Since Rorandelli first moved from Italy to the United States her work has undergone a remarkable transformation. Having studied painting in Florence from a young age, attending the Accademia di Belle Arte di Firenze following an apprenticeship in the studio of master Italian landscape painter Italo Pettinato, her early work focused on landscapes in oil with respect for tradition. Both methodologies of teaching stressed a figurative formality driving a clear ideological distinction between divergent schools of contemporary artistic practice, favoring a rigorous form of realism over what was perceived as the Americanized influence and degeneration of contemporary art dominated by commercialized conceptual marketeering.

Yet despite this schooling, Rorandelli's work has always reflected a passion for the colorful and intricate contradictions of modern life. Her initial reactions to the bleak Italian quarter of Brooklyn where she soon found herself were expressionistic and vivid, depicting, for the most part, scenes of vibrant objects such as paint cans, brushes, shoes, books and disembodied trees, often standing in front of the skyscrapers of the Manhattan skyline. Several years later, her first major series of large format canvases—exhibited at Palazzo Morana in Trapani, Sicily, and titled Electroshock—contained wild abstractions of colorful shapes inspired by the multitudes of objects discarded on the streets of New York. The result was not simply a celebration of abstraction, but a profound foray into the machinery of our imminent posthuman future.

Subliminal Figurations builds on this theme, presenting a technological world in which image and identity are inseparably conjoined. At first glance Rorandelli's figurations could seem an aesthetic assertion: today's demure beauty-Goddess wears prismacolor attire on a fragmented mediascape textile stage. For while strikingly different in both color and character from one to the next, each figure in the series reflects an aspect of the romantic facade present in our collective desire for beauty. Indeed, the uniqueness of each individual is evident only in contrast to the overwhelming sameness of her situation, a situation in this case that seems to demand an often empathic gaze of pity or altruism not dissimilar from that of the Madonna in much Western painting. Thus despite the infiltration of mysterious oblong forms into their midsts, Rorandelli's figures seem to arrive from a higher plane—deities reminiscent of a forgotten history of Byzantine icons or the works of Vittorio Zecchin or Gustav Klimt and his Viennese contemporaries for their flat compositions and dappling with gold.

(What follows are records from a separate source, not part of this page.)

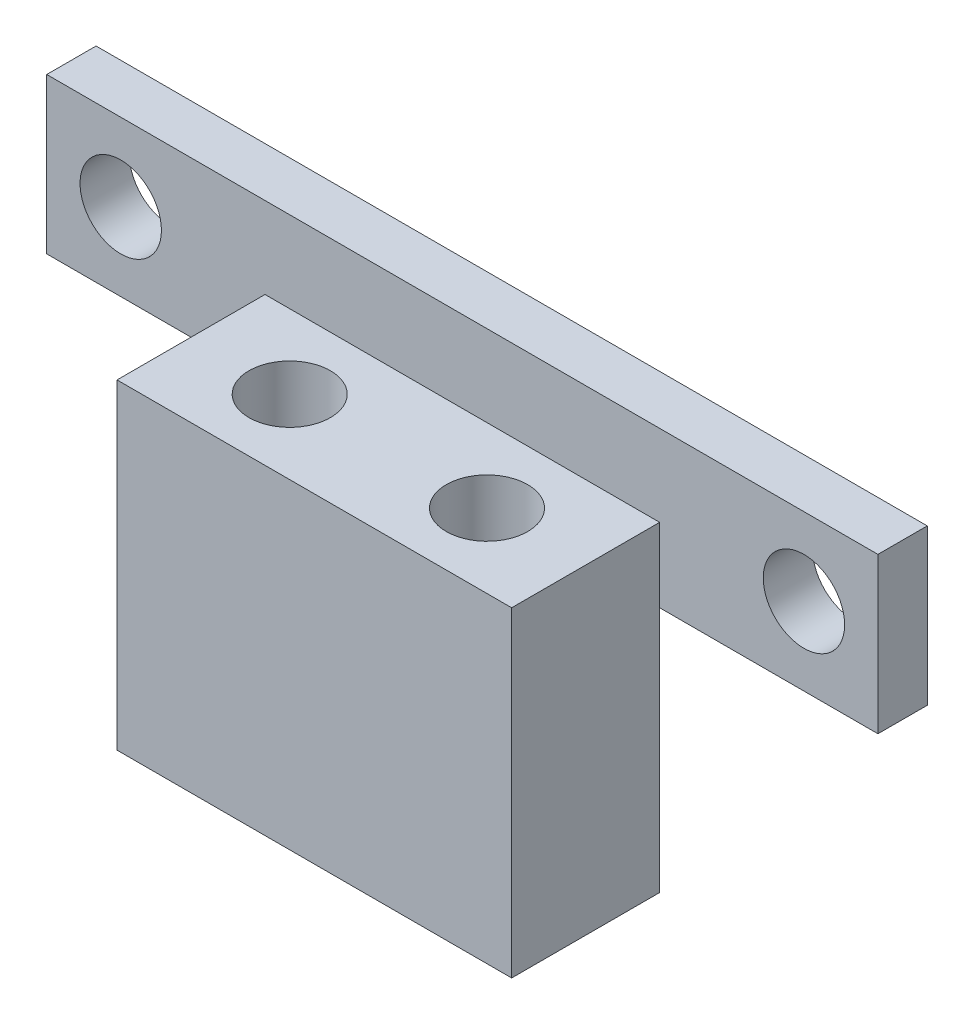
ISO-10303-21;
HEADER;
FILE_DESCRIPTION(('STEP AP214'),'2;1');
FILE_NAME('part.step','',(''),(''),'','','');
FILE_SCHEMA(('AUTOMOTIVE_DESIGN { 1 0 10303 214 1 1 1 1 }'));
ENDSEC;
DATA;
#1=APPLICATION_CONTEXT('core data for automotive mechanical design processes');
#2=APPLICATION_PROTOCOL_DEFINITION('international standard','automotive_design',2000,#1);
#3=PRODUCT_CONTEXT('',#1,'mechanical');
#4=PRODUCT('Part','Part','',(#3));
#5=PRODUCT_RELATED_PRODUCT_CATEGORY('part','',(#4));
#6=PRODUCT_DEFINITION_FORMATION('','',#4);
#7=PRODUCT_DEFINITION_CONTEXT('part definition',#1,'design');
#8=PRODUCT_DEFINITION('design','',#6,#7);
#9=PRODUCT_DEFINITION_SHAPE('','',#8);
#10=(LENGTH_UNIT() NAMED_UNIT(*) SI_UNIT(.MILLI.,.METRE.));
#11=(NAMED_UNIT(*) PLANE_ANGLE_UNIT() SI_UNIT($,.RADIAN.));
#12=(NAMED_UNIT(*) SI_UNIT($,.STERADIAN.) SOLID_ANGLE_UNIT());
#13=UNCERTAINTY_MEASURE_WITH_UNIT(LENGTH_MEASURE(1.E-05),#10,'distance_accuracy_value','');
#14=(GEOMETRIC_REPRESENTATION_CONTEXT(3) GLOBAL_UNCERTAINTY_ASSIGNED_CONTEXT((#13)) GLOBAL_UNIT_ASSIGNED_CONTEXT((#10,
#11,#12)) REPRESENTATION_CONTEXT('',''));
#15=CARTESIAN_POINT('',(0.,0.,0.));
#16=DIRECTION('',(0.,0.,1.));
#17=DIRECTION('',(1.,0.,0.));
#18=AXIS2_PLACEMENT_3D('',#15,#16,#17);
#19=CARTESIAN_POINT('',(0.,0.,2.));
#20=DIRECTION('',(0.,1.,0.));
#21=DIRECTION('',(0.,0.,1.));
#22=AXIS2_PLACEMENT_3D('',#19,#20,#21);
#23=PLANE('',#22);
#24=DIRECTION('',(1.,0.,0.));
#25=VECTOR('',#24,1.);
#26=CARTESIAN_POINT('',(8.85,0.,2.));
#27=LINE('',#26,#25);
#28=CARTESIAN_POINT('',(8.85,0.,2.));
#29=VERTEX_POINT('',#28);
#30=CARTESIAN_POINT('',(24.85,0.,2.));
#31=VERTEX_POINT('',#30);
#32=EDGE_CURVE('E62',#29,#31,#27,.T.);
#33=ORIENTED_EDGE('',*,*,#32,.F.);
#34=DIRECTION('',(1.,0.,0.));
#35=VECTOR('',#34,1.);
#36=CARTESIAN_POINT('',(0.,0.,2.));
#37=LINE('',#36,#35);
#38=CARTESIAN_POINT('',(0.,0.,2.));
#39=VERTEX_POINT('',#38);
#40=EDGE_CURVE('E179',#39,#29,#37,.T.);
#41=ORIENTED_EDGE('',*,*,#40,.F.);
#42=DIRECTION('',(0.,0.,-1.));
#43=VECTOR('',#42,1.);
#44=CARTESIAN_POINT('',(0.,0.,2.));
#45=LINE('',#44,#43);
#46=CARTESIAN_POINT('',(0.,0.,0.));
#47=VERTEX_POINT('',#46);
#48=EDGE_CURVE('E11',#39,#47,#45,.T.);
#49=ORIENTED_EDGE('',*,*,#48,.T.);
#50=DIRECTION('',(1.,0.,0.));
#51=VECTOR('',#50,1.);
#52=CARTESIAN_POINT('',(0.,0.,0.));
#53=LINE('',#52,#51);
#54=CARTESIAN_POINT('',(33.7,0.,0.));
#55=VERTEX_POINT('',#54);
#56=EDGE_CURVE('E188',#47,#55,#53,.T.);
#57=ORIENTED_EDGE('',*,*,#56,.T.);
#58=DIRECTION('',(0.,0.,-1.));
#59=VECTOR('',#58,1.);
#60=CARTESIAN_POINT('',(33.7,0.,2.));
#61=LINE('',#60,#59);
#62=CARTESIAN_POINT('',(33.7,0.,2.));
#63=VERTEX_POINT('',#62);
#64=EDGE_CURVE('E47',#63,#55,#61,.T.);
#65=ORIENTED_EDGE('',*,*,#64,.F.);
#66=EDGE_CURVE('E177',#31,#63,#37,.T.);
#67=ORIENTED_EDGE('',*,*,#66,.F.);
#68=EDGE_LOOP('',(#33,#41,#49,#57,#65,#67));
#69=FACE_BOUND('',#68,.T.);
#70=ADVANCED_FACE('F39',(#69),#23,.F.);
#71=CARTESIAN_POINT('',(0.,0.,2.));
#72=DIRECTION('',(0.,0.,-1.));
#73=DIRECTION('',(-1.,0.,0.));
#74=AXIS2_PLACEMENT_3D('',#71,#72,#73);
#75=PLANE('',#74);
#76=CARTESIAN_POINT('',(30.7,3.15,2.));
#77=DIRECTION('',(0.,0.,1.));
#78=DIRECTION('',(1.,0.,0.));
#79=AXIS2_PLACEMENT_3D('',#76,#77,#78);
#80=CIRCLE('',#79,1.65);
#81=CARTESIAN_POINT('',(32.35,3.15,2.));
#82=VERTEX_POINT('',#81);
#83=EDGE_CURVE('E162',#82,#82,#80,.T.);
#84=ORIENTED_EDGE('',*,*,#83,.F.);
#85=EDGE_LOOP('',(#84));
#86=FACE_BOUND('',#85,.T.);
#87=CARTESIAN_POINT('',(3.,3.15,2.));
#88=DIRECTION('',(0.,0.,1.));
#89=DIRECTION('',(1.,0.,0.));
#90=AXIS2_PLACEMENT_3D('',#87,#88,#89);
#91=CIRCLE('',#90,1.65);
#92=CARTESIAN_POINT('',(4.65,3.15,2.));
#93=VERTEX_POINT('',#92);
#94=EDGE_CURVE('E168',#93,#93,#91,.T.);
#95=ORIENTED_EDGE('',*,*,#94,.F.);
#96=EDGE_LOOP('',(#95));
#97=FACE_BOUND('',#96,.T.);
#98=DIRECTION('',(0.,-1.,0.));
#99=VECTOR('',#98,1.);
#100=CARTESIAN_POINT('',(8.85,0.,2.));
#101=LINE('',#100,#99);
#102=CARTESIAN_POINT('',(8.85,3.,2.));
#103=VERTEX_POINT('',#102);
#104=EDGE_CURVE('E54',#103,#29,#101,.T.);
#105=ORIENTED_EDGE('',*,*,#104,.F.);
#106=DIRECTION('',(-1.,0.,0.));
#107=VECTOR('',#106,1.);
#108=CARTESIAN_POINT('',(8.85,3.,2.));
#109=LINE('',#108,#107);
#110=CARTESIAN_POINT('',(24.85,3.,2.));
#111=VERTEX_POINT('',#110);
#112=EDGE_CURVE('E147',#111,#103,#109,.T.);
#113=ORIENTED_EDGE('',*,*,#112,.F.);
#114=DIRECTION('',(0.,1.,0.));
#115=VECTOR('',#114,1.);
#116=CARTESIAN_POINT('',(24.85,0.,2.));
#117=LINE('',#116,#115);
#118=EDGE_CURVE('E153',#31,#111,#117,.T.);
#119=ORIENTED_EDGE('',*,*,#118,.F.);
#120=ORIENTED_EDGE('',*,*,#66,.T.);
#121=DIRECTION('',(0.,1.,0.));
#122=VECTOR('',#121,1.);
#123=CARTESIAN_POINT('',(33.7,0.,2.));
#124=LINE('',#123,#122);
#125=CARTESIAN_POINT('',(33.7,6.3,2.));
#126=VERTEX_POINT('',#125);
#127=EDGE_CURVE('E181',#63,#126,#124,.T.);
#128=ORIENTED_EDGE('',*,*,#127,.T.);
#129=DIRECTION('',(-1.,0.,0.));
#130=VECTOR('',#129,1.);
#131=CARTESIAN_POINT('',(0.,6.3,2.));
#132=LINE('',#131,#130);
#133=CARTESIAN_POINT('',(0.,6.3,2.));
#134=VERTEX_POINT('',#133);
#135=EDGE_CURVE('E183',#126,#134,#132,.T.);
#136=ORIENTED_EDGE('',*,*,#135,.T.);
#137=DIRECTION('',(0.,-1.,0.));
#138=VECTOR('',#137,1.);
#139=CARTESIAN_POINT('',(0.,0.,2.));
#140=LINE('',#139,#138);
#141=EDGE_CURVE('E174',#134,#39,#140,.T.);
#142=ORIENTED_EDGE('',*,*,#141,.T.);
#143=ORIENTED_EDGE('',*,*,#40,.T.);
#144=EDGE_LOOP('',(#105,#113,#119,#120,#128,#136,#142,#143));
#145=FACE_BOUND('',#144,.T.);
#146=ADVANCED_FACE('F216',(#86,#97,#145),#75,.F.);
#147=CARTESIAN_POINT('',(0.,0.,0.));
#148=DIRECTION('',(0.,0.,-1.));
#149=DIRECTION('',(-1.,0.,0.));
#150=AXIS2_PLACEMENT_3D('',#147,#148,#149);
#151=PLANE('',#150);
#152=CARTESIAN_POINT('',(3.,3.15,0.));
#153=DIRECTION('',(0.,0.,1.));
#154=DIRECTION('',(1.,0.,0.));
#155=AXIS2_PLACEMENT_3D('',#152,#153,#154);
#156=CIRCLE('',#155,1.65);
#157=CARTESIAN_POINT('',(4.65,3.15,0.));
#158=VERTEX_POINT('',#157);
#159=EDGE_CURVE('E165',#158,#158,#156,.T.);
#160=ORIENTED_EDGE('',*,*,#159,.T.);
#161=EDGE_LOOP('',(#160));
#162=FACE_BOUND('',#161,.T.);
#163=DIRECTION('',(0.,-1.,0.));
#164=VECTOR('',#163,1.);
#165=CARTESIAN_POINT('',(0.,0.,0.));
#166=LINE('',#165,#164);
#167=CARTESIAN_POINT('',(0.,6.3,0.));
#168=VERTEX_POINT('',#167);
#169=EDGE_CURVE('E171',#168,#47,#166,.T.);
#170=ORIENTED_EDGE('',*,*,#169,.F.);
#171=DIRECTION('',(-1.,0.,0.));
#172=VECTOR('',#171,1.);
#173=CARTESIAN_POINT('',(0.,6.3,0.));
#174=LINE('',#173,#172);
#175=CARTESIAN_POINT('',(33.7,6.3,0.));
#176=VERTEX_POINT('',#175);
#177=EDGE_CURVE('E178',#176,#168,#174,.T.);
#178=ORIENTED_EDGE('',*,*,#177,.F.);
#179=DIRECTION('',(0.,1.,0.));
#180=VECTOR('',#179,1.);
#181=CARTESIAN_POINT('',(33.7,0.,0.));
#182=LINE('',#181,#180);
#183=EDGE_CURVE('E190',#55,#176,#182,.T.);
#184=ORIENTED_EDGE('',*,*,#183,.F.);
#185=ORIENTED_EDGE('',*,*,#56,.F.);
#186=EDGE_LOOP('',(#170,#178,#184,#185));
#187=FACE_BOUND('',#186,.T.);
#188=CARTESIAN_POINT('',(30.7,3.15,0.));
#189=DIRECTION('',(0.,0.,1.));
#190=DIRECTION('',(1.,0.,0.));
#191=AXIS2_PLACEMENT_3D('',#188,#189,#190);
#192=CIRCLE('',#191,1.65);
#193=CARTESIAN_POINT('',(32.35,3.15,0.));
#194=VERTEX_POINT('',#193);
#195=EDGE_CURVE('E161',#194,#194,#192,.T.);
#196=ORIENTED_EDGE('',*,*,#195,.T.);
#197=EDGE_LOOP('',(#196));
#198=FACE_BOUND('',#197,.T.);
#199=ADVANCED_FACE('F207',(#162,#187,#198),#151,.T.);
#200=CARTESIAN_POINT('',(0.,0.,2.));
#201=DIRECTION('',(1.,0.,0.));
#202=DIRECTION('',(0.,0.,-1.));
#203=AXIS2_PLACEMENT_3D('',#200,#201,#202);
#204=PLANE('',#203);
#205=ORIENTED_EDGE('',*,*,#169,.T.);
#206=ORIENTED_EDGE('',*,*,#48,.F.);
#207=ORIENTED_EDGE('',*,*,#141,.F.);
#208=DIRECTION('',(0.,0.,-1.));
#209=VECTOR('',#208,1.);
#210=CARTESIAN_POINT('',(0.,6.3,2.));
#211=LINE('',#210,#209);
#212=EDGE_CURVE('E185',#134,#168,#211,.T.);
#213=ORIENTED_EDGE('',*,*,#212,.T.);
#214=EDGE_LOOP('',(#205,#206,#207,#213));
#215=FACE_BOUND('',#214,.T.);
#216=ADVANCED_FACE('F41',(#215),#204,.F.);
#217=CARTESIAN_POINT('',(33.7,0.,2.));
#218=DIRECTION('',(-1.,0.,0.));
#219=DIRECTION('',(0.,0.,1.));
#220=AXIS2_PLACEMENT_3D('',#217,#218,#219);
#221=PLANE('',#220);
#222=ORIENTED_EDGE('',*,*,#183,.T.);
#223=DIRECTION('',(0.,0.,-1.));
#224=VECTOR('',#223,1.);
#225=CARTESIAN_POINT('',(33.7,6.3,2.));
#226=LINE('',#225,#224);
#227=EDGE_CURVE('E195',#126,#176,#226,.T.);
#228=ORIENTED_EDGE('',*,*,#227,.F.);
#229=ORIENTED_EDGE('',*,*,#127,.F.);
#230=ORIENTED_EDGE('',*,*,#64,.T.);
#231=EDGE_LOOP('',(#222,#228,#229,#230));
#232=FACE_BOUND('',#231,.T.);
#233=ADVANCED_FACE('F202',(#232),#221,.F.);
#234=CARTESIAN_POINT('',(0.,6.3,2.));
#235=DIRECTION('',(0.,-1.,0.));
#236=DIRECTION('',(0.,0.,-1.));
#237=AXIS2_PLACEMENT_3D('',#234,#235,#236);
#238=PLANE('',#237);
#239=ORIENTED_EDGE('',*,*,#177,.T.);
#240=ORIENTED_EDGE('',*,*,#212,.F.);
#241=ORIENTED_EDGE('',*,*,#135,.F.);
#242=ORIENTED_EDGE('',*,*,#227,.T.);
#243=EDGE_LOOP('',(#239,#240,#241,#242));
#244=FACE_BOUND('',#243,.T.);
#245=ADVANCED_FACE('F211',(#244),#238,.F.);
#246=CARTESIAN_POINT('',(3.,3.15,2.));
#247=DIRECTION('',(0.,0.,-1.));
#248=DIRECTION('',(-1.,0.,0.));
#249=AXIS2_PLACEMENT_3D('',#246,#247,#248);
#250=CYLINDRICAL_SURFACE('',#249,1.65);
#251=ORIENTED_EDGE('',*,*,#94,.T.);
#252=EDGE_LOOP('',(#251));
#253=FACE_BOUND('',#252,.T.);
#254=ORIENTED_EDGE('',*,*,#159,.F.);
#255=EDGE_LOOP('',(#254));
#256=FACE_BOUND('',#255,.T.);
#257=ADVANCED_FACE('F230',(#253,#256),#250,.F.);
#258=CARTESIAN_POINT('',(30.7,3.15,2.));
#259=DIRECTION('',(0.,0.,-1.));
#260=DIRECTION('',(-1.,0.,0.));
#261=AXIS2_PLACEMENT_3D('',#258,#259,#260);
#262=CYLINDRICAL_SURFACE('',#261,1.65);
#263=ORIENTED_EDGE('',*,*,#83,.T.);
#264=EDGE_LOOP('',(#263));
#265=FACE_BOUND('',#264,.T.);
#266=ORIENTED_EDGE('',*,*,#195,.F.);
#267=EDGE_LOOP('',(#266));
#268=FACE_BOUND('',#267,.T.);
#269=ADVANCED_FACE('F236',(#265,#268),#262,.F.);
#270=CARTESIAN_POINT('',(8.85,0.,8.));
#271=DIRECTION('',(1.,0.,0.));
#272=DIRECTION('',(0.,0.,-1.));
#273=AXIS2_PLACEMENT_3D('',#270,#271,#272);
#274=PLANE('',#273);
#275=ORIENTED_EDGE('',*,*,#104,.T.);
#276=DIRECTION('',(0.,1.,0.));
#277=VECTOR('',#276,1.);
#278=CARTESIAN_POINT('',(8.85,-10.,2.));
#279=LINE('',#278,#277);
#280=CARTESIAN_POINT('',(8.85,-10.,2.));
#281=VERTEX_POINT('',#280);
#282=EDGE_CURVE('E114',#281,#29,#279,.T.);
#283=ORIENTED_EDGE('',*,*,#282,.F.);
#284=DIRECTION('',(0.,0.,-1.));
#285=VECTOR('',#284,1.);
#286=CARTESIAN_POINT('',(8.85,-10.,8.));
#287=LINE('',#286,#285);
#288=CARTESIAN_POINT('',(8.85,-10.,8.));
#289=VERTEX_POINT('',#288);
#290=EDGE_CURVE('E121',#289,#281,#287,.T.);
#291=ORIENTED_EDGE('',*,*,#290,.F.);
#292=DIRECTION('',(0.,-1.,0.));
#293=VECTOR('',#292,1.);
#294=CARTESIAN_POINT('',(8.85,0.,8.));
#295=LINE('',#294,#293);
#296=CARTESIAN_POINT('',(8.85,3.,8.));
#297=VERTEX_POINT('',#296);
#298=EDGE_CURVE('E144',#297,#289,#295,.T.);
#299=ORIENTED_EDGE('',*,*,#298,.F.);
#300=DIRECTION('',(0.,0.,-1.));
#301=VECTOR('',#300,1.);
#302=CARTESIAN_POINT('',(8.85,3.,8.));
#303=LINE('',#302,#301);
#304=EDGE_CURVE('E151',#297,#103,#303,.T.);
#305=ORIENTED_EDGE('',*,*,#304,.T.);
#306=EDGE_LOOP('',(#275,#283,#291,#299,#305));
#307=FACE_BOUND('',#306,.T.);
#308=ADVANCED_FACE('F132',(#307),#274,.F.);
#309=CARTESIAN_POINT('',(24.85,0.,8.));
#310=DIRECTION('',(-1.,0.,0.));
#311=DIRECTION('',(0.,0.,1.));
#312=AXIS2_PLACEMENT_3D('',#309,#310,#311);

Even Rorandelli's most apocalyptic visions have decorative roots, their embellishments heightening the anxieties and desires of the women they depict. There is a luminous quality in her handling of paint, the backgrounds of her pictures unexplainable abstractions of crumpled color that becomes cloth, the interior shining broken only by the curvature of occasional flesh. Each figure's wrappings are at once skin, spirit, and self—they are her world—and thus comment less on the nature of style per-se as on the artificial being it has helped her become. She is the misplaced protagonist in a terrestrially complicated psycho, socio, bio, even astro-technological film noir mise en scène where it is fatefully unavoidable to flaunt one's self-worth through the momentary indulgence of clothes, be they functional object or haute couture chic.

In so doing, Rorandelli's figures reflect a compulsory embrace of the tools of our age. Fueled by the interconnective forces of participatory media, our identities are enabled, embodied, and projected on the world. In Rorandelli's conception, such extension is made possible not through the evident use of robotic prostheses or consumer electronics, but by the pervasive and emblematic technologies of attire. Our technologies, in bestowing us extensions of both image and environment, bring unprecedented levels of unease to their wearers. All of us, through our collaborations or rejections of the social machine, contribute in some part to our own domination. From nano-robotics to consumer technology, the tools we employ are extensions of the self, of the power and powerless nature of change.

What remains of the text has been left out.